MULTAN, Pakistan // The main ingredient in most of the homemade bombs that have killed hundreds of American troops in Afghanistan is fertiliser produced by a single company in Pakistan, where the US has been pushing for greater regulation.
Enough calcium ammonium nitrate fertiliser for at least 140,000 bombs was legally produced last year by the Pakistani company Pakarab Fertilizers, then smuggled by militants and their suppliers across the border into southern and eastern Afghanistan, according to US officials.
The US military says about 80 per cent of Afghan bombs are made with the fertiliser, which becomes a powerful explosive when mixed with fuel oil. The rest are made from military-grade munitions like mines or shells.
The United States began talks a year and a half ago with Pakistani officials and Pakarab, one of the country's largest companies. But there is still no regulation of distribution and sale of calcium ammonium nitrate fertiliser.
Senator Bob Casey of Pennsylvania, who led a congressional delegation to Pakistan last week to press army and civilian leaders for action, said: "If you have a host country that has a factory making a substance that ultimately becomes the problem, then that country has to contribute at least half the solution."
US officials say Pakistan and Pakarab have expressed willingness to regulate the fertiliser, which is also widely used in the manufacture of bombs used by insurgents to kill thousands of soldiers and civilians inside Pakistan. They acknowledge the difficulties: 15 years after ammonium nitrate was used in the Oklahoma City bombings, the US government only presented its proposals to regulate it on August 2.
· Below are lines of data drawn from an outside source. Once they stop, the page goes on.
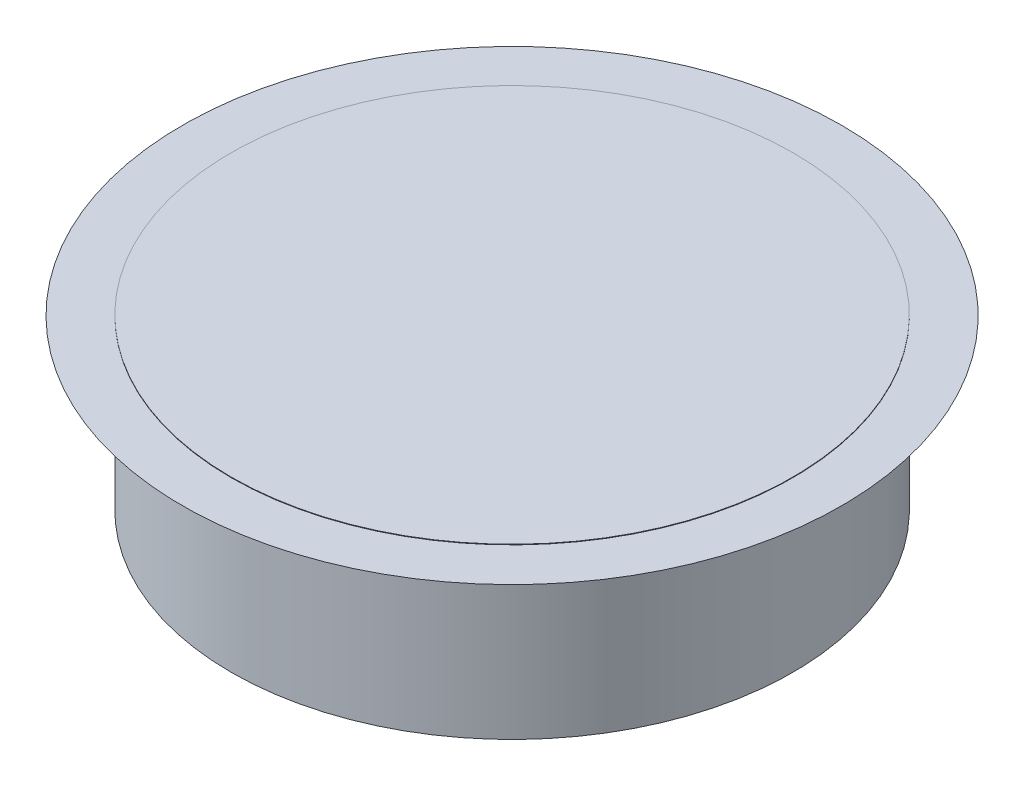
from build123d import *

# Parameters (mm, degrees)
SKETCH2_R           = 12.7
BOSS_EXTRUDE1_DEPTH = 0.0254


with BuildPart() as part:
    # Sketch1 → Revolve1 (revolve)
    with BuildSketch(Plane.XY):
        Polygon((0, 0), (-12.7, 0), (-12.7, 6.35), (-14.899704526, 7.62), (0, 7.62), align=None)
    revolve(axis=Axis((0, 0, 0), (0, 1, 0)))

    # Sketch2 → Boss-Extrude1 (add)
    with BuildSketch(Plane(origin=(0, 7.62, 0), x_dir=(1, 0, 0), z_dir=(0, 1, 0))):
        Circle(SKETCH2_R)
    extrude(amount=BOSS_EXTRUDE1_DEPTH)


solid = part.part
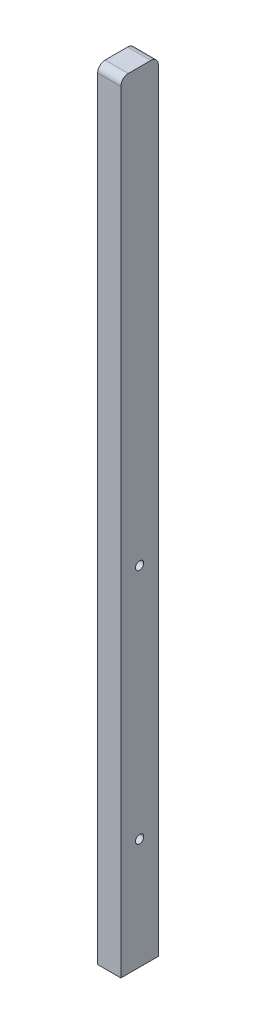
from build123d import *

# Parameters (mm, degrees)
SKETCH1_W                                           = 15.5
SKETCH1_H                                           = 25
BOSS_EXTRUDE1_DEPTH                                 = 520
FILLET1_R                                           = 5
F_5_0MM_DOWEL_HOLE1_D                               = 6.6
F_5_0MM_DOWEL_HOLE1_DEPTH                           = 12
F_5_0MM_DOWEL_HOLE1_TIP                             = 1.982840043
CBORE_FOR_M5_HEX_SOCKET_HEAD_CAP_SCREW2_D           = 5.5
CBORE_FOR_M5_HEX_SOCKET_HEAD_CAP_SCREW2_CBORE_D     = 10
CBORE_FOR_M5_HEX_SOCKET_HEAD_CAP_SCREW2_CBORE_DEPTH = 5.4


with BuildPart() as part:
    # Sketch1 → Boss-Extrude1 (new body)
    with BuildSketch(Plane(origin=(0, 0, 0), x_dir=(1, 0, 0), z_dir=(0, 1, 0))):
        Rectangle(SKETCH1_W, SKETCH1_H)
    extrude(amount=BOSS_EXTRUDE1_DEPTH)

    # Fillet1
    fillet1_edges = [part.edges().sort_by_distance(p)[0] for p in [
        (0, 520, -12.5),
        (0, 520, 12.5),
    ]]
    fillet(fillet1_edges, radius=FILLET1_R)

    # Ø5.0mm Dowel Hole1
    with Locations(Plane(origin=(0, 0, 0), x_dir=(-1, 0, 0), z_dir=(0, -1, 0))):
        with Locations((0, 0)):
            Hole(F_5_0MM_DOWEL_HOLE1_D / 2, depth=F_5_0MM_DOWEL_HOLE1_DEPTH)
            with Locations((0, 0, -(F_5_0MM_DOWEL_HOLE1_DEPTH + F_5_0MM_DOWEL_HOLE1_TIP / 2))):  # 118° drill point
                Cone(0, F_5_0MM_DOWEL_HOLE1_D / 2, F_5_0MM_DOWEL_HOLE1_TIP, mode=Mode.SUBTRACT)

    # CBORE for M5 Hex Socket Head Cap Screw2 (through all)
    with Locations(Plane.ZY.offset(7.75)):
        with Locations((0, 74), (0, 232)):
            CounterBoreHole(CBORE_FOR_M5_HEX_SOCKET_HEAD_CAP_SCREW2_D / 2, CBORE_FOR_M5_HEX_SOCKET_HEAD_CAP_SCREW2_CBORE_D / 2, CBORE_FOR_M5_HEX_SOCKET_HEAD_CAP_SCREW2_CBORE_DEPTH)


solid = part.part

But with the death toll from homemade bombs rising inside Afghanistan, continuing inaction by Pakistani authorities will add more strain to a US-Pakistani relationship already frayed by allegations that Islamabad is aiding Afghan insurgents. "This is a test," Senator Casey said. "The key thing now is to see results."
Pakarab, the only producer of calcium ammonium nitrate fertiliser in Pakistan, operates two factories in Punjab province, the country's agricultural heartland.
The largest is on the outskirts of Multan, an ancient city surrounded by thousands of hectares of mango orchards and cotton fields. A sprawling industrial complex of smoking chimneys, pipes and tanks surrounded by high walls, the 39-year-old facility churns out the chemical 24 hours a day when it is operating.
Lines of lorries wait outside to transport sacks of fertiliser to 2,000 distributors around the country, who then sell it to millions of Pakistani cotton, fruit and wheat farmers.
Around Multan, dealers sit in small shops in front of piled-up sacks of ammonium nitrate and other fertiliser, haggling with farmers. Most say they are aware ammonium nitrate can be used as an explosive, but none has been told to report suspicious purchases.
Pakistani fertiliser producers are not permitted to export to Afghanistan because they are subsidised by the government and their products are meant for domestic use only. But the low price of fertiliser in Pakistan, and a chronic shortage in Afghanistan, has meant that smuggling has long been rife.
The chemical, known as CAN, is often taken in lorries into southern Afghanistan repackaged as a harmless fertiliser. Other times, it is hidden under other goods, often after border guards have been paid a bribe, according to smugglers at the Chaman border and US officials.
One dealer, Mohammad Wassem, said that wealthy people with links to the insurgents placed orders for all three fertilisers produced by Pakarab. They sold the two safer varieties domestically, then trucked the ammonium nitrate across the border.
Only a fraction of the lorries that cross the border are searched, said one US official, explaining it would be impractical to stop and search the thousands of vehicles that cross the border each day.
Explosives can be made from a range of fertilisers, but it is easy to turn CAN into a bomb. Insurgents either grind or boil the small, off-white granules to separate the calcium from the nitrate, which is mixed with fuel oil, packed into a jug or box and then detonated.
The fertiliser is sold in 50-kilogram sacks, which can be used to make between two and four bombs depending on whether they are targeting vehicles or foot patrols, said Robin Best, an expert at the US military's Joint IED Defeat Organisation, who visited the Multan factory in July with a US delegation.
Such bombs, typically buried and detonated remotely or by pressure plates, have killed more than 719 Americans and wounded more than 7,440 since the conflict began in 2001, along with thousands of Afghan troops and civilians.
Last year's US death toll, 252, was as high as the two previous years combined, and 2011 is shaping up to be just as bloody.
Based on tests of residues at a limited number of blast sites, and seizures of the chemical inside Afghanistan, two US officials told the AP they believe the majority of fertiliser bombs in Afghanistan are made of CAN produced by Pakarab. One said that up to 80 per cent of the bombs were made with Pakarab fertiliser. Both asked for anonymity because of the sensitivity of the data.
Senator Casey said the US government estimates about 1 per cent of Pakarab's annual production made its ways across the border for use in bombmaking. Given that the company produced 350,000 metric tonnes in 2010, that means enough for at least 140,000 bombs was smuggled across the frontier last year, though an unknown amount was seized by Afghan and US authorities, or stockpiled.